Aber wahrscheinlich wird wieder der Steuerzahler für die Fehlentscheidungen der – dieses Mal – politischen „Führungs-ebene“ aufkommen müssen, es wäre – man denke an die Finanzkrise – nicht das erste Mal. Da können wir wahrlich froh sein, in Deutschland eine so leistungsfähige Mittelstandskuh zu haben. In deren Euter ist schließlich immer noch was drin, das gehört gemolken. Auch aus dünner Milch läßt sich Butter machen, wenn man nur lange genug drauf einschlägt.
Nach den Ereignissen in Japan folgte auf Bundesebene prompt die Kehrtwende, das 3-monatige Moratorium mit überhastet angekündigten Überprüfungen der Sicherheitsstandards der bundesdeutschen Alt-KKWs, in einem Tempo, zu dem vorher gesagt wurde, solche Überprüfungen brauchten „Zeit“. Auf einmal gehts. Nun schickt man Norbert Röttgen ins Feld, der vom Umweltminister zum rhetorischen Veränderte-Randbedingungen-Begründungs-Stotterer mutiert. Was für ein Scheiß-Job das, Herr Röttgen!
Das für unmöglich gehaltene ist nun wahr geworden.

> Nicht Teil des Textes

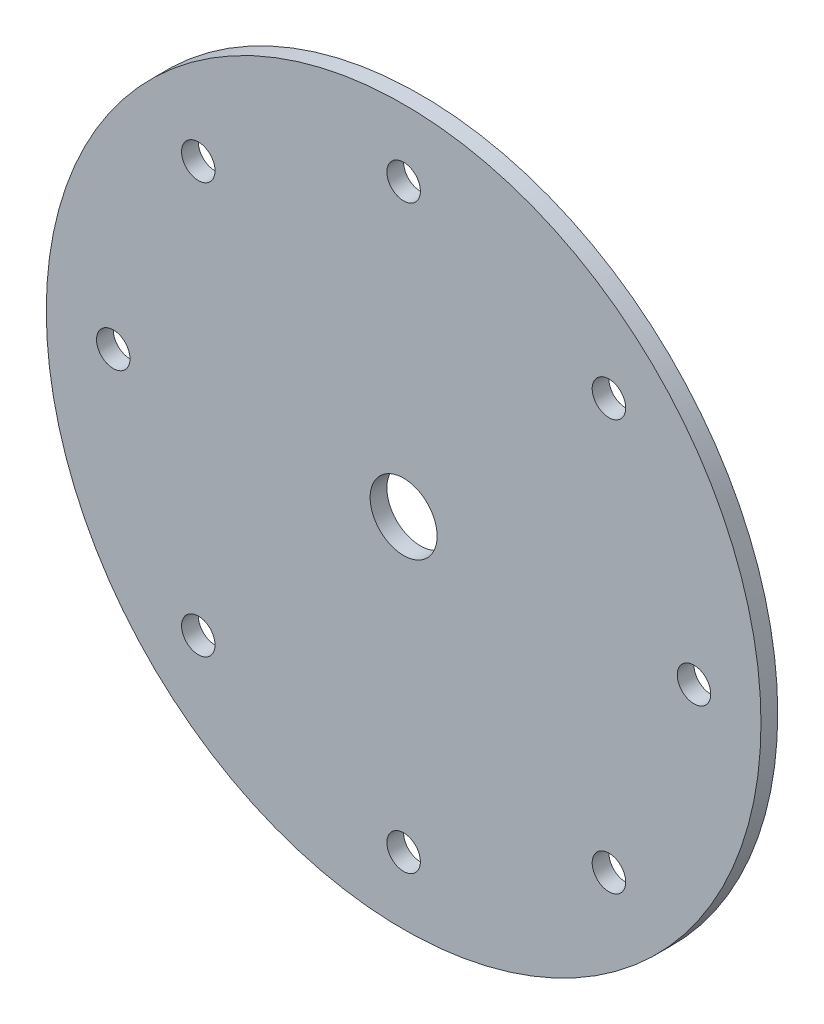
from build123d import *

# Parameters (mm, degrees)
SKETCH1_R        = 101.6
SKETCH1_R_2      = 9.525
SKETCH1_R_3      = 4.7625
ROTOR_DISC_DEPTH = 4.7625


with BuildPart() as part:
    # Sketch1 → Rotor Disc (new body)
    with BuildSketch(Plane.XY):
        Circle(SKETCH1_R)
        Circle(SKETCH1_R_2, mode=Mode.SUBTRACT)
        with Locations((0, 82.55)):
            Circle(SKETCH1_R_3, mode=Mode.SUBTRACT)
        with Locations((58.371664787, 58.371664787)):
            Circle(SKETCH1_R_3, mode=Mode.SUBTRACT)
        with Locations((82.55, 0)):
            Circle(SKETCH1_R_3, mode=Mode.SUBTRACT)
        with Locations((58.371664787, -58.371664787)):
            Circle(SKETCH1_R_3, mode=Mode.SUBTRACT)
        with Locations((0, -82.55)):
            Circle(SKETCH1_R_3, mode=Mode.SUBTRACT)
        with Locations((-58.371664787, -58.371664787)):
            Circle(SKETCH1_R_3, mode=Mode.SUBTRACT)
        with Locations((-82.55, 0)):
            Circle(SKETCH1_R_3, mode=Mode.SUBTRACT)
        with Locations((-58.371664787, 58.371664787)):
            Circle(SKETCH1_R_3, mode=Mode.SUBTRACT)
    extrude(amount=ROTOR_DISC_DEPTH)


solid = part.part
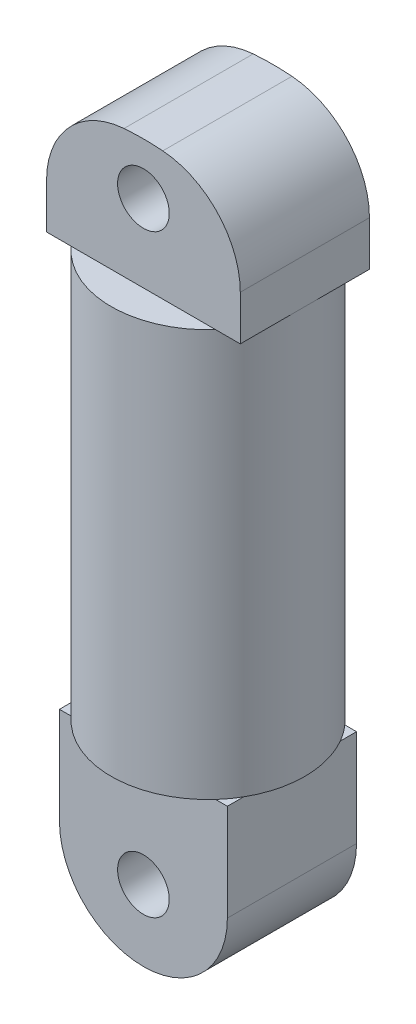
from build123d import *

# Parameters (mm, degrees)
SKETCH1_R           = 15
BOSS_EXTRUDE1_DEPTH = 63
SKETCH3_R           = 4
BOSS_EXTRUDE2_DEPTH = 10


with BuildPart() as part:
    # Sketch1 → Boss-Extrude1 (new body)
    with BuildSketch(Plane(origin=(0, 0, 0), x_dir=(1, 0, 0), z_dir=(0, 1, 0))):
        Circle(SKETCH1_R)
    extrude(amount=BOSS_EXTRUDE1_DEPTH)

    # Sketch3 → Boss-Extrude2 (add, symmetric)
    with BuildSketch(Plane.XY):
        with BuildLine():
            Line((-13, 0), (-13, -15))
            ThreePointArc((-13, -15), (0, -28), (13, -15))
            Line((13, -15), (13, 0))
            Line((13, 0), (-13, 0))
        make_face()
        with Locations((0, -17)):
            Circle(SKETCH3_R, mode=Mode.SUBTRACT)
        with BuildLine():
            Line((-15, 63), (15, 63))
            Line((15, 63), (15, 69.922962794))
            ThreePointArc((15, 69.922962794), (11.539392014, 78.75472366), (3, 82.88444419))
            ThreePointArc((3, 82.88444419), (0, 83), (-3, 82.88444419))
            ThreePointArc((-3, 82.88444419), (-11.539392014, 78.75472366), (-15, 69.922962794))
            Line((-15, 69.922962794), (-15, 63))
        make_face()
        with Locations((0, 75)):
            Circle(SKETCH3_R, mode=Mode.SUBTRACT)
    extrude(amount=BOSS_EXTRUDE2_DEPTH, both=True)


solid = part.part

Nach der deutschen Risikostudie von 1979 (Phase A) ist alle 10.000 Reaktorjahre mit einem Kernschmelzunfall mit radioaktiver Belastung der Umwelt zu rechnen, allerdings nur alle 1 Mio Reaktorjahre mit einem Kernschmelzunfall mit mehreren akuten Todesfällen (akute Strahlenschäden). Kritiker bezweifeln diese Zahlen schon lange und weisen auf zahlreiche methodische Fehler und Ungenauigkeiten der Studie hin. Sie rechnen alle 1.000 Reaktorjahre mit einem Kernschmelzen, d.h., beim Betrieb von derzeit weltweit ca. 300 Kernkraftwerken ist durchschnittlich alle 30 Jahre ein schwerer Unfall mit zahlreichen Todesfällen zu erwarten. [http://www.umweltlexikon-online.de/RUBsonstiges/GAU.php] Man bedenke, Tschernobyl ist mal eben knapp 25 Jahre her.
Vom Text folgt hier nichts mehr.